Background

GitHub Introduces 'Marketplace' And More Tools To Customize Developers' Workflow

GitHub

The social source code management platform GitHub is making it easier for developers to fetch the right tools to improve and fine-tune their existing workflows.

In conjunction with the company's Satellite 2017 conference in London on May 22nd, 2017, GitHub launches a 'Marketplace' to help its members discover and purchase apps to use across their project development process, management and code review.

The Marketplace essentially makes it possible for developers to get started with new tools without having to create multiple accounts or set up separate payment methods.

As of the announcement, the Marketplace is has five different categories: code quality, code review, continuous integration, monitoring and project management. In addition to these, the platform also offers support for numerous popular apps like Travis CI, Sentry and Waffle.
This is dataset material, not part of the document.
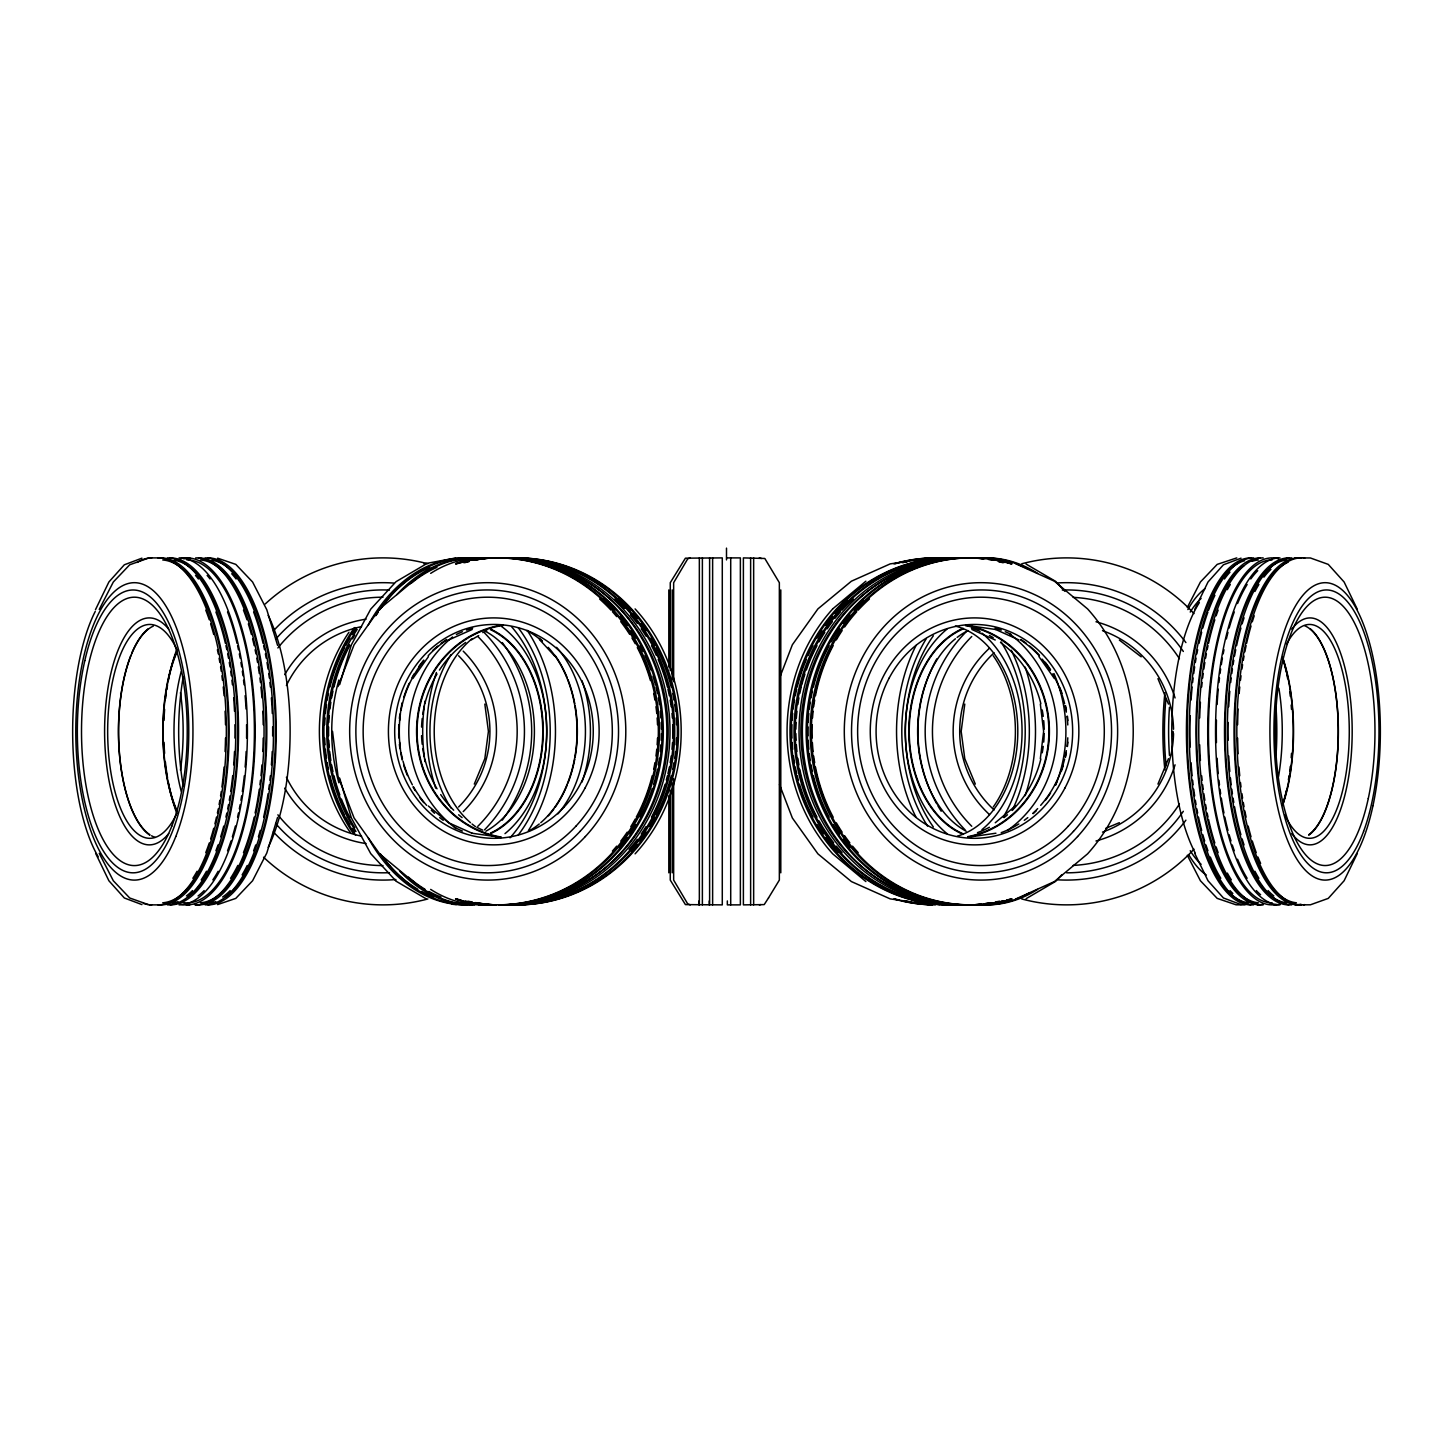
<?xml version="1.0" encoding="UTF-8"?>
<svg xmlns="http://www.w3.org/2000/svg" width="1453" height="1453" viewBox="0 0 1453 1453"><rect width="100%" height="100%" fill="white"/><g stroke="black" fill="none" stroke-linecap="round" stroke-linejoin="round"><path stroke-width="1.5" d="M1040.33 758.738L1043.635 731.386L1040.33 704.015M964.774 704.087L961.178 731.386L964.774 758.666L975.308 784.093M339.657 684.654L351.245 645.132M277.577 817.385L266.807 853.002L252.586 880.754L235.804 898.39L217.605 904.601M338.004 686.543L354.078 644.769L379.633 608.898M780.297 676.099L792.357 644.769L817.912 608.898L851.404 581.2L890.235 563.873L932.19 557.898M474.296 784.093L484.83 758.666L488.426 731.386L484.83 704.087M1157.95 784.093L1168.466 758.666M95.462 609.751L108.884 581.999L124.34 564.781L141.94 558.17M1194.729 609.425L1208.006 581.999L1223.444 564.781L1241.062 558.17M1357.374 853.347L1344.116 880.754L1328.26 898.39L1310.388 904.801L1295.004 904.874A173.488 68.345 90 0 0 1300.944 904.202M99.24 609.425L113.316 581.999L129.698 564.781L148.297 558.17M1187.337 607.463L1200.414 581.999L1217.196 564.382L1236.775 557.898M351.317 644.932L370.751 609.116L396.07 581.654L425.947 564.073M348.974 632.218C309.162 690.466 309.471 774.631 350.246 832.333M832.714 608.898C771.852 676.172 771.852 786.6 832.714 853.855L865.879 881.571M412.834 678.533L428.435 656.629M635.088 853.855C696.532 786.836 696.532 675.917 635.088 608.898M1061.889 874.652L1055.605 881.39L1026.072 898.699M832.86 608.753L865.879 581.2M995.251 822.761L1015.338 805.979M379.778 608.753L413.124 581.2M471.444 639.829L478.673 635.615M1015.956 898.898L1054.406 881.571L1087.57 853.855C1148.433 786.6 1148.433 676.172 1087.57 608.898L1054.406 581.2L1015.956 563.873M448.596 640.01L472.225 629.476M1105.66 828.373L1119.355 822.689M1304.703 904.601L1303.323 904.874M760.809 904.601L759.301 904.874M424.022 563.873L455.77 557.97M970.84 836.819L995.923 833.223M690.302 557.898L687.687 558.896L673.647 582.689L673.647 681.693M149.677 557.898L161.265 557.898M727.335 557.898L740.376 557.898L740.376 904.874L727.335 904.874L727.335 900.933M1295.004 557.898L1310.388 557.97L1328.26 564.382L1344.116 581.999L1357.374 609.425M149.677 904.874L161.265 904.874M1245.094 904.874L1236.067 904.801L1217.196 898.39L1200.414 880.754L1187.337 855.308M759.301 557.898L761.445 558.479M690.302 904.874L687.687 903.857L673.647 880.082L673.647 778.826M1303.323 557.898L1304.703 558.17M970.84 625.934L995.923 629.53M471.953 833.223L497.289 836.819M932.19 904.874L890.235 898.898L851.404 881.571L817.912 853.855L792.357 817.985L779.498 784.566M217.605 558.17L235.804 564.382L252.586 581.999L266.807 609.751L277.577 645.386M148.297 904.601L129.698 897.99L113.316 880.754L99.24 853.347M1241.062 904.601L1223.444 897.99L1208.006 880.754L1194.729 853.347M141.94 904.601L124.34 897.99L108.884 880.754L95.626 853.347M472.225 833.295L448.596 822.761L428.308 805.979M995.632 629.476L1019.025 640.01M971.857 629.476L995.251 640.01M1026.072 564.073L1055.605 581.363L1064.867 591.335M396.397 881.39L425.947 898.699M1119.355 640.065L1141.186 656.829M379.778 854.001L413.124 881.571M539.481 639.556L554.992 656.411M396.07 881.117L370.751 853.637L351.317 817.839M379.633 853.855L354.078 817.985L338.004 776.211L332.537 731.386M1038.949 656.629L1054.388 678.533M1157.95 678.66L1168.466 704.087M339.657 778.1L351.245 817.621M780.788 589.936L780.788 872.817M753.653 557.898L753.653 904.874M750.62 557.898L750.62 904.874M730.714 557.898L730.714 904.874M726.5 548.126L726.5 559.895M712.624 557.898L712.624 904.874M709.609 557.898L709.609 904.874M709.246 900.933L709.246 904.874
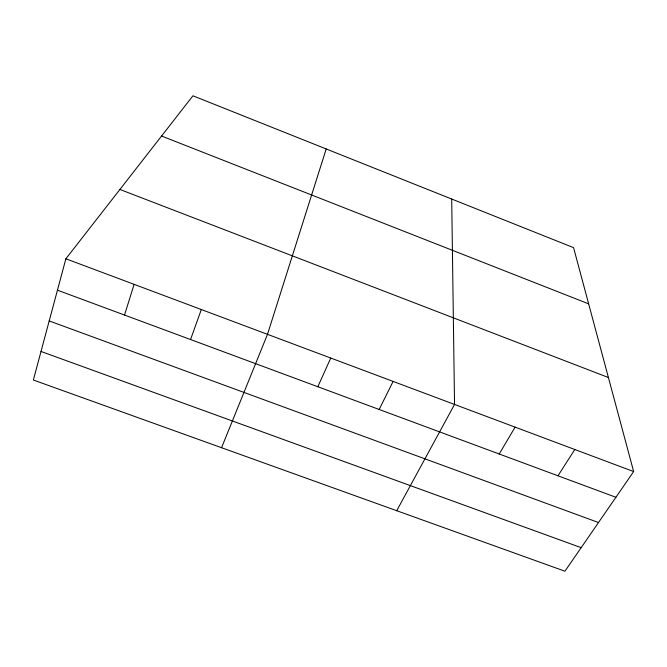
<?xml version="1.0" encoding="UTF-8"?>
<svg xmlns="http://www.w3.org/2000/svg" width="667" height="667" viewBox="0 0 667 667"><rect width="100%" height="100%" fill="white"/><g stroke="black" fill="none" stroke-linecap="round" stroke-linejoin="round"><path stroke-width="1" d="M65.875 258.779L33.35 380.015L564.932 571.21L633.65 471.561L573.57 247.657L192.938 95.79L65.875 258.779L633.65 471.561M124.512 315.041L134.125 284.359M326.205 148.958L267.492 334.334L221.552 447.707M190.554 339.536L201.317 309.538M317.825 386.735L330.757 358.046M379.156 409.48L393.105 381.416M396.715 510.714L454.544 404.435L451.701 199.033M499.208 453.994L515.107 427.13M557.971 475.788L574.804 449.5M41.012 351.459L581.174 547.657M49.2 320.935L598.499 522.536M57.454 290.178L615.916 497.274M119.918 189.461L608.421 377.522M161.564 136.026L588.653 303.844"/></g></svg>

Marketplace, said Kyle Daigle, senior engineering manager for GitHub's API group, removes a barrier to using other software with GitHub by allowing payments to flow through GitHub accounts and by providing a single point to manage those integrations.

GitHub promises that it's adding more apps in the close future, with plans to eventually grant developers the opportunity to upload their own apps if they meet the community standards.

GitHub Marketplace

As part of the announcement, GitHub also rebranded its Integrations section as GitHub Apps, giving developers more control over permissions and access to repositories. It has made its GraphQL API available for everyone. Fresh out of its Early Access program, people could use the same API the popular website was built on to create your own tools with greater access to data than ever before.

"With GraphQL and GitHub Apps together, we're really making a big change to our platform," said Daigle. "We're changing the way we build software to provide a platform that's the same as our engineers use."

In addition to the new releases,GitHub also made a few more platform updates that include: a new Git and GitHub integration for Atom for desktop users, the availability of GitHub Desktop Beta that offers a unified experience across operating systems.

Because they are all open source, developers can customize and contribute by adding features and extending to other operating systems.

"Together, these tools give you everything you need to set up a custom workflow that grows with your goals." said GitHub in a blog post.